Problem => Show each line of the data below that has the string "construction" in it.

Supplied data =>
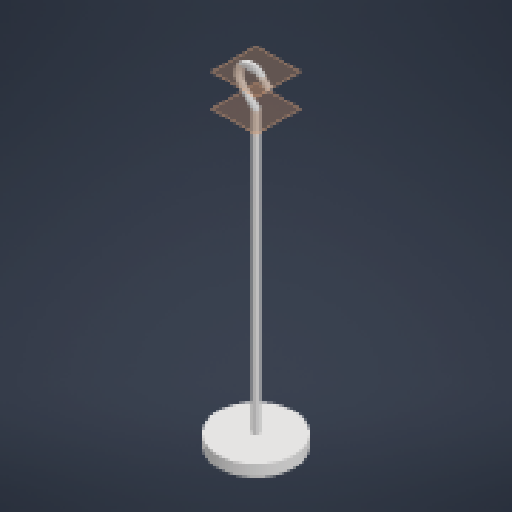
# Autodesk Inventor part: Long Hanging Mass
Saved by Autodesk Inventor 2023.1 (Build 271208000, 208)
## iProperties
Created: 2022-12-07
Part Number: Long Hanging Mass
Material: Generic
Document SubType Name: Modeling
Designer: aubrey-work
Density: 1 g/cm^3
Appearance: Default
Author: aubrey-work
Autodesk Inventor part; units mm, degrees
ref_plane "YZ Plane" through (0, 0, 0) normal (1, 0, 0) x (0, 1, 0)
ref_plane "XZ Plane" through (0, 0, 0) normal (0, 1, 0) x (-1, 0, 0)
ref_plane "XY Plane" through (0, 0, 0) normal (0, 0, 1) x (1, 0, 0)
sketch "Sketch1" plane through (0, 0, 0) normal (0, 1, 0) x (-1, 0, 0)
  circle A0 centre (0, 0) radius 19.05
  dimension "d0" = 38.1
  constraints: 1 centre point, 1 coincident
  measures "d0" diameter of A0
extrude "Extrusion1" add sketch "Sketch1" along normal mid plane 6.35
sketch "Sketch2" plane through (0, 0, 0) normal (0, 0, 1) x (1, 0, 0)
  line L0 (19.05, 3.175) -> (-19.05, 3.175) projected
  line L1 (0, 3.175) -> (0, 142.875)
  line L2 (0, 142.875) -> (-2.2451, 145.1201)
  line L3 (0, 142.875) -> (3.175, 142.875) construction
  circle A0 centre (-2.2451, 154.1003) radius 6.35 construction
  line L4 (-2.2451, 145.1201) -> (34.3651, 181.7303) construction
  line L5 (-2.2451, 145.1201) -> (-6.7352, 149.6102)
  line L6 (2.2451, 158.5904) -> (6.7352, 154.1003)
  arc A1 (2.2451, 158.5904) -> (-6.7352, 149.6102) centre (-2.2451, 154.1003) ccw
  point P0 (0, 0)
  dimension "d3" = 139.7
  dimension "d4" = 3.175
  dimension "d5" = 135
  dimension "d6" = 12.7
  dimension "d7" = 6.35
  dimension "d14" = 17.5753
  constraints: 12 end point, 5 tangent, 4 point on circle, 2 centre point, 1 equal length, 1 horizontal, 1 midpoint, 1 parallel, 1 perpendicular, 1 vertical
  measures "d3" distance of L1.start L1.end
  measures "d4" distance of L1.end L2.end
  measures "d5" angle of L3 L2
  measures "d6" diameter of A0
  measures "d7" distance of L6.start L6.end
sketch "Sketch3" plane through (0, 3.175, 0) normal (0, 1, 0) x (1, 0, 0)
  circle A0 centre (0, 0) radius 1.5875
  dimension "d8" = 3.175
  constraints: 1 centre point, 1 coincident
  measures "d8" diameter of A0
sweep "Sweep1" add profiles "Sketch3" path "Sketch2" path curves L1 L2 L5 A1 L6
chamfer "Chamfer1" distance 0.635 angle 45 1 edges at (19.05, -3.175, 0)
ref_plane "Work Plane2" through (0, 158.8628, 0) normal (0, 1, 0) x (-1, 0, 0)
ref_plane "Work Plane1" through (0, 142.875, 0) normal (0, 1, 0) x (-1, 0, 0)
sketch "Sketch4" plane through (0, 158.8628, 0) normal (0, 1, 0) x (-1, 0, 0)
  ellipse E0 centre (-2.2451, 0) end of major axis (-2.2451, -1.5875) minor radius 1.1225 projected
  ellipse E1 centre (6.7352, 0) end of major axis (6.7352, -1.5875) minor radius 1.1225 projected
  line L0 (-2.2451, 0) -> (6.7352, 0) construction
  line L1 (0.6576, 1.5875) -> (3.8326, 1.5875)
  line L2 (3.8326, 1.5875) -> (3.8326, -1.5875)
  line L3 (3.8326, -1.5875) -> (0.6576, -1.5875)
  line L4 (0.6576, -1.5875) -> (0.6576, 1.5875)
  line L5 (0.6576, 1.5875) -> (3.8326, -1.5875) construction
  line L6 (3.8326, 1.5875) -> (0.6576, -1.5875) construction
  point P0 (0, 0)
  point P1 (2.2451, 0)
  dimension "d8" = 3.175
  dimension "d16" = 3.175
  dimension "d17" = 3.175
  constraints: 14 end point, 3 midpoint, 2 horizontal, 2 parallel, 1 perpendicular, 2 other
  measures "d16" distance of L2.end L3.end
  measures "d17" distance of L1.end L2.end
extrude "Extrusion2" add sketch "Sketch4" along normal through all contours L1 L2 L3 L4
equation "\"d16\" = d8"
equation "\"d17\" = d8"
equation "\"d15\" = d14 - 0.5 * d8"
body "Solid1"

Answer space =>
  line L3 (0, 142.875) -> (3.175, 142.875) construction
  circle A0 centre (-2.2451, 154.1003) radius 6.35 construction
  line L4 (-2.2451, 145.1201) -> (34.3651, 181.7303) construction
  line L0 (-2.2451, 0) -> (6.7352, 0) construction
  line L5 (0.6576, 1.5875) -> (3.8326, -1.5875) construction
  line L6 (3.8326, 1.5875) -> (0.6576, -1.5875) construction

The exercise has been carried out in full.